>>>

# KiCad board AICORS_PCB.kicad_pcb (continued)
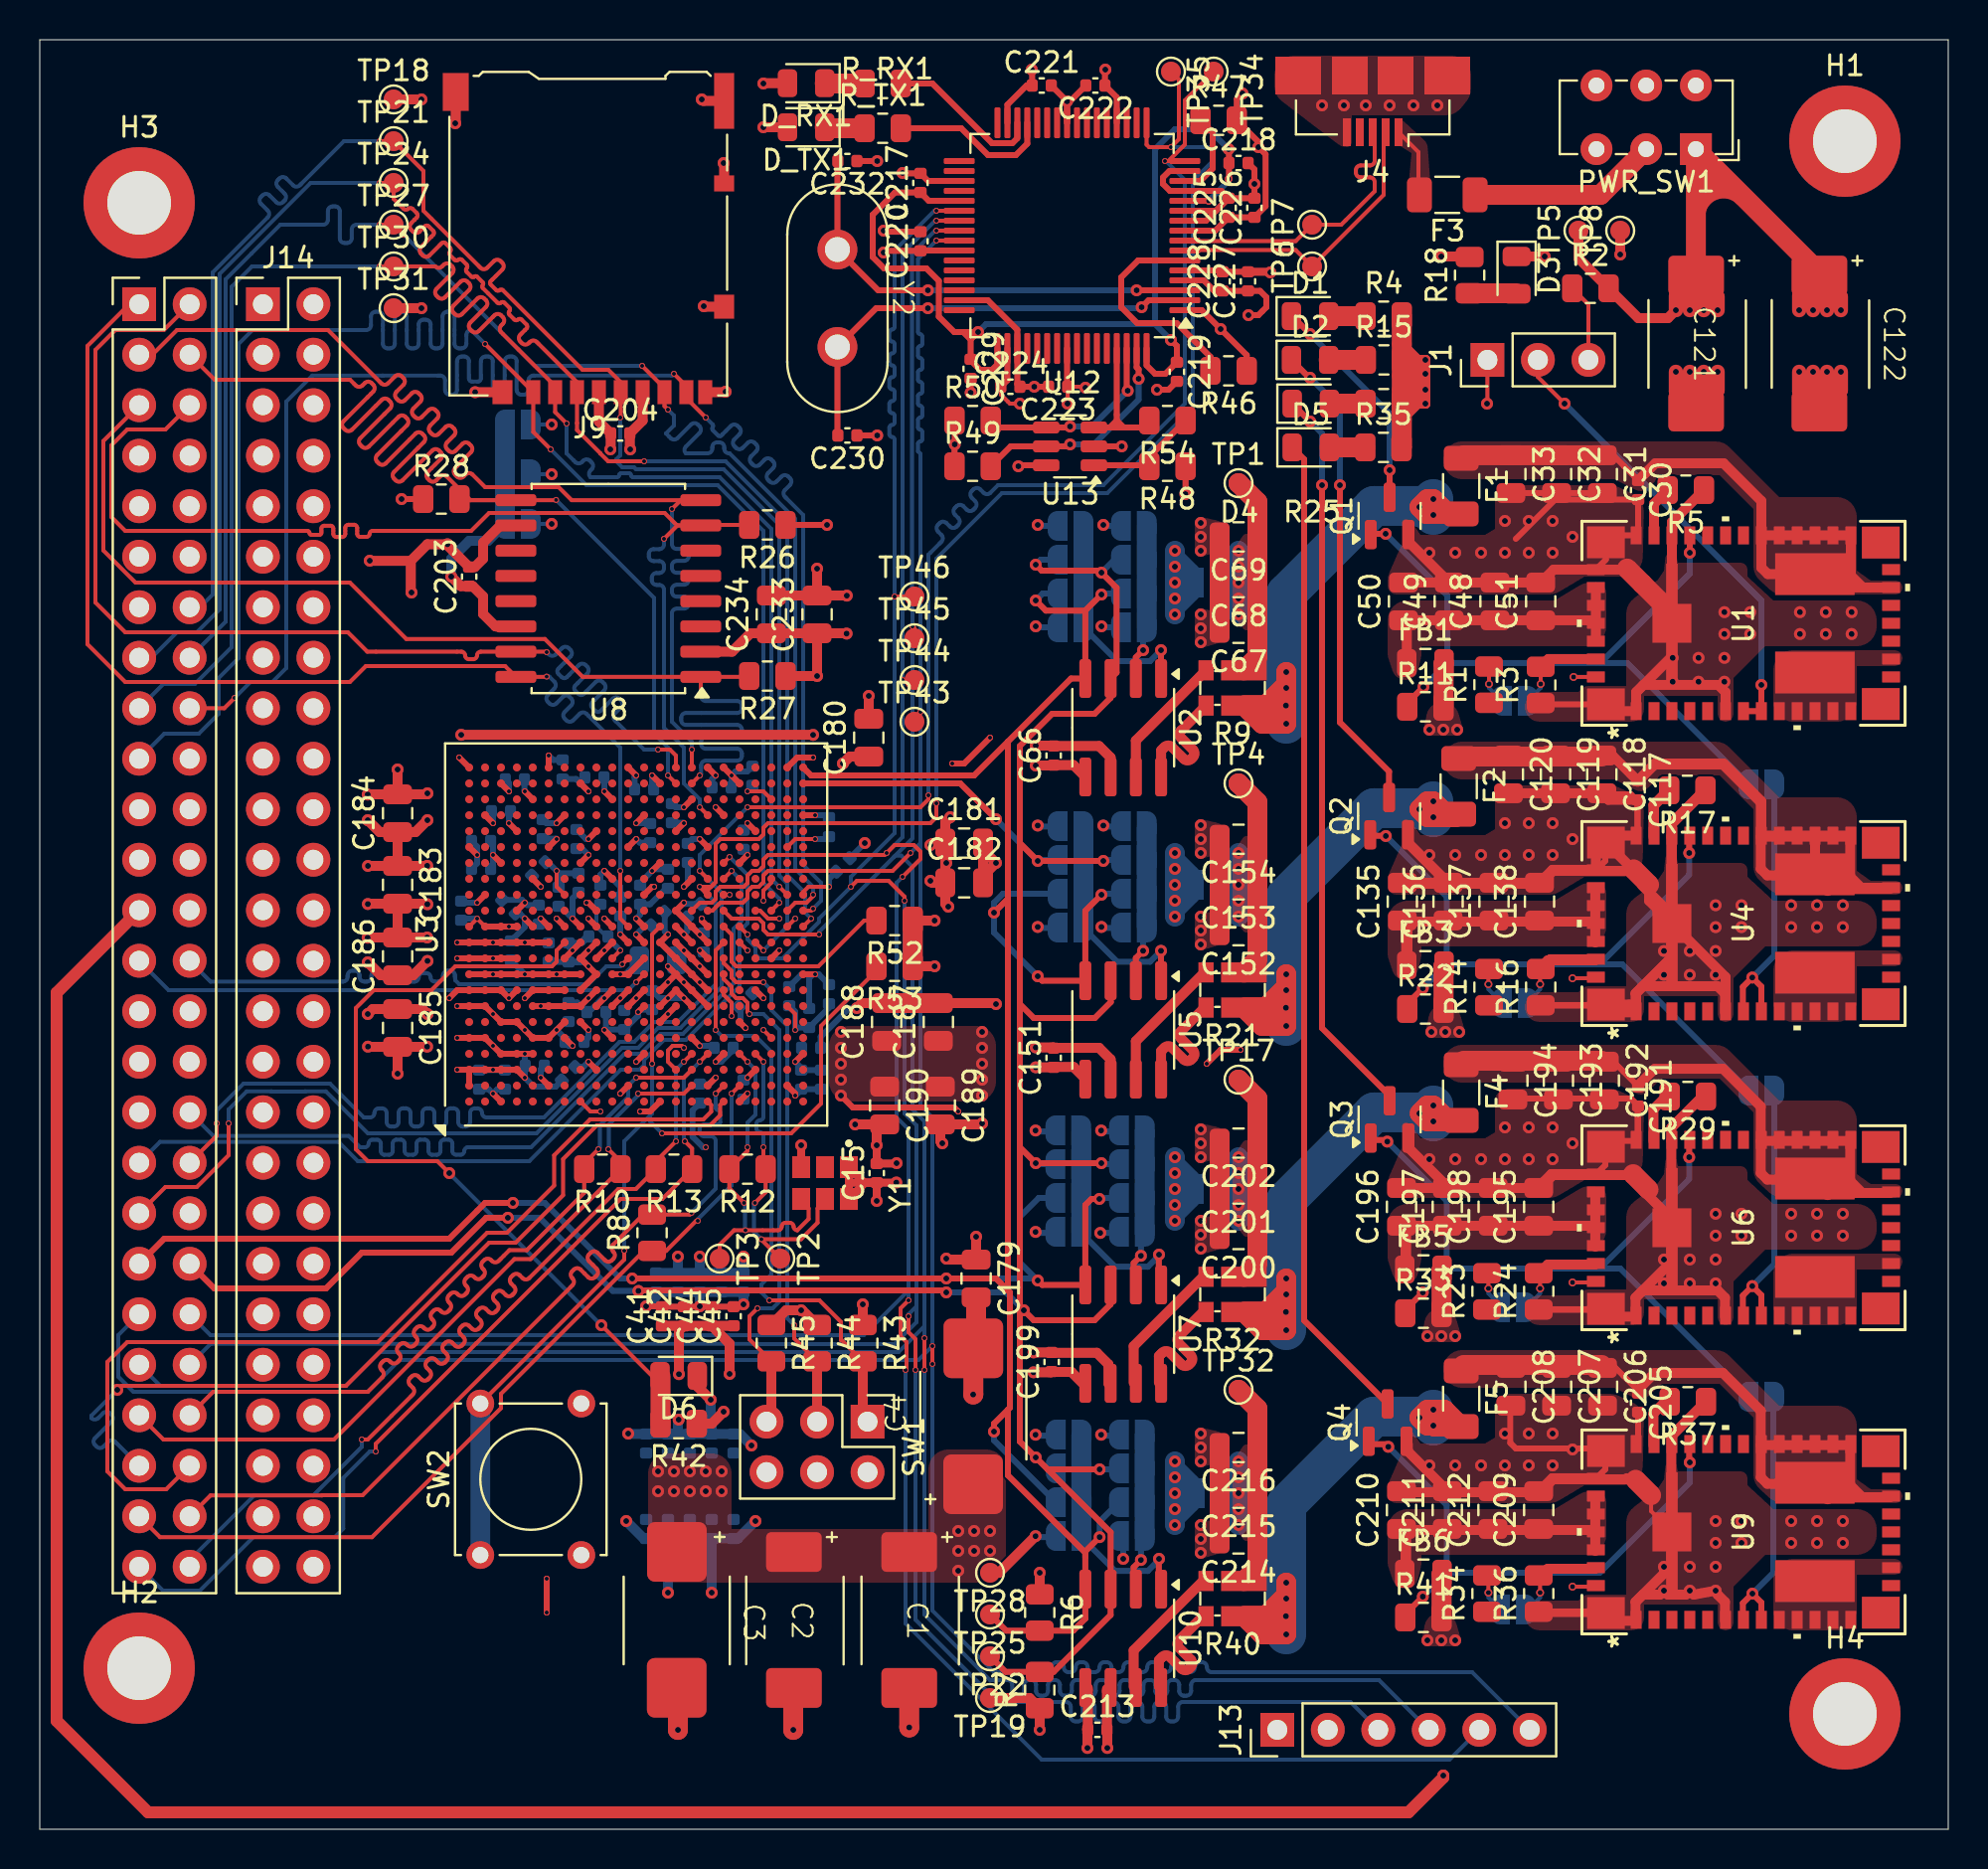
[diagram p0: board, top side]
## Placement (name value [footprint] x y rotation side) (continued)
C234  22uF  [C_0805_2012Metric]  36.8 61.1 90 top
D1  GREEN_LED  [LED_0805_2012Metric]  63.9 76.1 0 top
D2  GREEN_LED  [LED_0805_2012Metric]  63.9 73.9 0 top
D3  GREEN_LED  [LED_0805_2012Metric]  74.29 78.16 270 top
D4  GREEN_LED  [LED_0805_2012Metric]  63.94 71.7 0 top
D5  GREEN_LED  [LED_0805_2012Metric]  63.94 69.5 0 top
D6  GREEN_LED  [LED_0805_2012Metric]  32.14 22.8 180 top
D_RX1  GREEN_LED  [LED_0805_2012Metric]  38.55 87.82 180 top
D_TX1  GREEN_LED  [LED_0805_2012Metric]  38.55 85.6 180 top
F1  SF-1206F400-2  [Fuse_1206_3216Metric]  71.5 67.55 270 top
F2  SF-1206F400-2  [Fuse_1206_3216Metric]  71.38 52.45 270 top
F3  SF-1206F400-2  [Fuse_1206_3216Metric]  70.8 82.2 180 top
F4  SF-1206F400-2  [Fuse_1206_3216Metric]  71.5 37.05 270 top
F5  SF-1206F400-2  [Fuse_1206_3216Metric]  71.5 21.65 270 top
FB1  FerriteBead_Small  [Fuse_0805_2012Metric]  69.7 58.65 0 top
FB3  FerriteBead_Small  [Fuse_0805_2012Metric]  69.7 43.45 0 top
FB4  FerriteBead_Small  [Fuse_0805_2012Metric]  31.1 43.7 0 bottom
FB5  FerriteBead_Small  [Fuse_0805_2012Metric]  69.6 28.15 0 top
FB6  FerriteBead_Small  [Fuse_0805_2012Metric]  69.6 12.85 0 top
H1  MountingHole  [MountingHole_3.2mm_M3_DIN965_Pad_TopBottom]  90.8 84.9 0 top
H2  MountingHole  [MountingHole_3.2mm_M3_DIN965_Pad_TopBottom]  5 8.1 0 top
H3  MountingHole  [MountingHole_3.2mm_M3_DIN965_Pad_TopBottom]  5 81.8 0 top
H4  MountingHole  [MountingHole_3.2mm_M3_DIN965_Pad_TopBottom]  90.8 5.8 0 top
J1  Conn_01x03  [PinHeader_1x03_P2.54mm_Vertical]  72.82 73.9 90 top
J2  SW_Rotary_1x4_MP  [1-to-4 SolderJumper]  52.5 63.85 270 bottom
J3  SW_Rotary_1x4_MP  [1-to-4 SolderJumper]  55.69 63.85 270 bottom
J4  USB Micro Type B  [USB_Micro-B_Amphenol_10104110_Horizontal]  67.05 86.9 180 top
J5  SW_Rotary_1x4_MP  [1-to-4 SolderJumper]  52.5 48.75 270 bottom
J6  SW_Rotary_1x4_MP  [1-to-4 SolderJumper]  55.69 48.75 270 bottom
J7  SW_Rotary_1x4_MP  [1-to-4 SolderJumper]  52.39 33.45 270 bottom
J8  SW_Rotary_1x4_MP  [1-to-4 SolderJumper]  55.59 33.45 270 bottom
J9  DM3AT-SF-PEJM5  [microSD_HC_Hirose_DM3AT-SF-PEJM5]  27.6 80 180 top
J10  Conn_02x26_Counter_Clockwise  [PinHeader_2x26_P2.54mm_Vertical]  5 76.7 0 top
J11  SW_Rotary_1x4_MP  [1-to-4 SolderJumper]  52.41 18.15 270 bottom
J12  SW_Rotary_1x4_MP  [1-to-4 SolderJumper]  55.59 18.15 270 bottom
J13  JTAG_CONN  [PinHeader_1x06_P2.54mm_Vertical]  62.25 5 90 top
J14  Conn_02x26_Counter_Clockwise  [PinHeader_2x26_P2.54mm_Vertical]  11.23 76.7 0 top
JP1  SolderJumper_2_Open  [SolderJumper-2_P1.3mm_Open_RoundedPad1.0x1.5mm]  74.2 56.75 180 bottom
JP2  SolderJumper_2_Open  [SolderJumper-2_P1.3mm_Open_RoundedPad1.0x1.5mm]  58.7 62.7 180 bottom
JP3  SolderJumper_2_Open  [SolderJumper-2_P1.3mm_Open_RoundedPad1.0x1.5mm]  86.6 52.55 180 bottom
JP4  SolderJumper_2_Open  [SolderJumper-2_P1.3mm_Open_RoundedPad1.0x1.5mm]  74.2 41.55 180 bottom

<<<

Task prompt
Retype the listing exactly. Leave out its pictures.

Response below
# KiCad board AICORS_PCB.kicad_pcb (continued)
[diagram p0: board, top side]
## Placement (name value [footprint] x y rotation side) (continued)
C234  22uF  [C_0805_2012Metric]  36.8 61.1 90 top
D1  GREEN_LED  [LED_0805_2012Metric]  63.9 76.1 0 top
D2  GREEN_LED  [LED_0805_2012Metric]  63.9 73.9 0 top
D3  GREEN_LED  [LED_0805_2012Metric]  74.29 78.16 270 top
D4  GREEN_LED  [LED_0805_2012Metric]  63.94 71.7 0 top
D5  GREEN_LED  [LED_0805_2012Metric]  63.94 69.5 0 top
D6  GREEN_LED  [LED_0805_2012Metric]  32.14 22.8 180 top
D_RX1  GREEN_LED  [LED_0805_2012Metric]  38.55 87.82 180 top
D_TX1  GREEN_LED  [LED_0805_2012Metric]  38.55 85.6 180 top
F1  SF-1206F400-2  [Fuse_1206_3216Metric]  71.5 67.55 270 top
F2  SF-1206F400-2  [Fuse_1206_3216Metric]  71.38 52.45 270 top
F3  SF-1206F400-2  [Fuse_1206_3216Metric]  70.8 82.2 180 top
F4  SF-1206F400-2  [Fuse_1206_3216Metric]  71.5 37.05 270 top
F5  SF-1206F400-2  [Fuse_1206_3216Metric]  71.5 21.65 270 top
FB1  FerriteBead_Small  [Fuse_0805_2012Metric]  69.7 58.65 0 top
FB3  FerriteBead_Small  [Fuse_0805_2012Metric]  69.7 43.45 0 top
FB4  FerriteBead_Small  [Fuse_0805_2012Metric]  31.1 43.7 0 bottom
FB5  FerriteBead_Small  [Fuse_0805_2012Metric]  69.6 28.15 0 top
FB6  FerriteBead_Small  [Fuse_0805_2012Metric]  69.6 12.85 0 top
H1  MountingHole  [MountingHole_3.2mm_M3_DIN965_Pad_TopBottom]  90.8 84.9 0 top
H2  MountingHole  [MountingHole_3.2mm_M3_DIN965_Pad_TopBottom]  5 8.1 0 top
H3  MountingHole  [MountingHole_3.2mm_M3_DIN965_Pad_TopBottom]  5 81.8 0 top
H4  MountingHole  [MountingHole_3.2mm_M3_DIN965_Pad_TopBottom]  90.8 5.8 0 top
J1  Conn_01x03  [PinHeader_1x03_P2.54mm_Vertical]  72.82 73.9 90 top
J2  SW_Rotary_1x4_MP  [1-to-4 SolderJumper]  52.5 63.85 270 bottom
J3  SW_Rotary_1x4_MP  [1-to-4 SolderJumper]  55.69 63.85 270 bottom
J4  USB Micro Type B  [USB_Micro-B_Amphenol_10104110_Horizontal]  67.05 86.9 180 top
J5  SW_Rotary_1x4_MP  [1-to-4 SolderJumper]  52.5 48.75 270 bottom
J6  SW_Rotary_1x4_MP  [1-to-4 SolderJumper]  55.69 48.75 270 bottom
J7  SW_Rotary_1x4_MP  [1-to-4 SolderJumper]  52.39 33.45 270 bottom
J8  SW_Rotary_1x4_MP  [1-to-4 SolderJumper]  55.59 33.45 270 bottom
J9  DM3AT-SF-PEJM5  [microSD_HC_Hirose_DM3AT-SF-PEJM5]  27.6 80 180 top
J10  Conn_02x26_Counter_Clockwise  [PinHeader_2x26_P2.54mm_Vertical]  5 76.7 0 top
J11  SW_Rotary_1x4_MP  [1-to-4 SolderJumper]  52.41 18.15 270 bottom
J12  SW_Rotary_1x4_MP  [1-to-4 SolderJumper]  55.59 18.15 270 bottom
J13  JTAG_CONN  [PinHeader_1x06_P2.54mm_Vertical]  62.25 5 90 top
J14  Conn_02x26_Counter_Clockwise  [PinHeader_2x26_P2.54mm_Vertical]  11.23 76.7 0 top
JP1  SolderJumper_2_Open  [SolderJumper-2_P1.3mm_Open_RoundedPad1.0x1.5mm]  74.2 56.75 180 bottom
JP2  SolderJumper_2_Open  [SolderJumper-2_P1.3mm_Open_RoundedPad1.0x1.5mm]  58.7 62.7 180 bottom
JP3  SolderJumper_2_Open  [SolderJumper-2_P1.3mm_Open_RoundedPad1.0x1.5mm]  86.6 52.55 180 bottom
JP4  SolderJumper_2_Open  [SolderJumper-2_P1.3mm_Open_RoundedPad1.0x1.5mm]  74.2 41.55 180 bottom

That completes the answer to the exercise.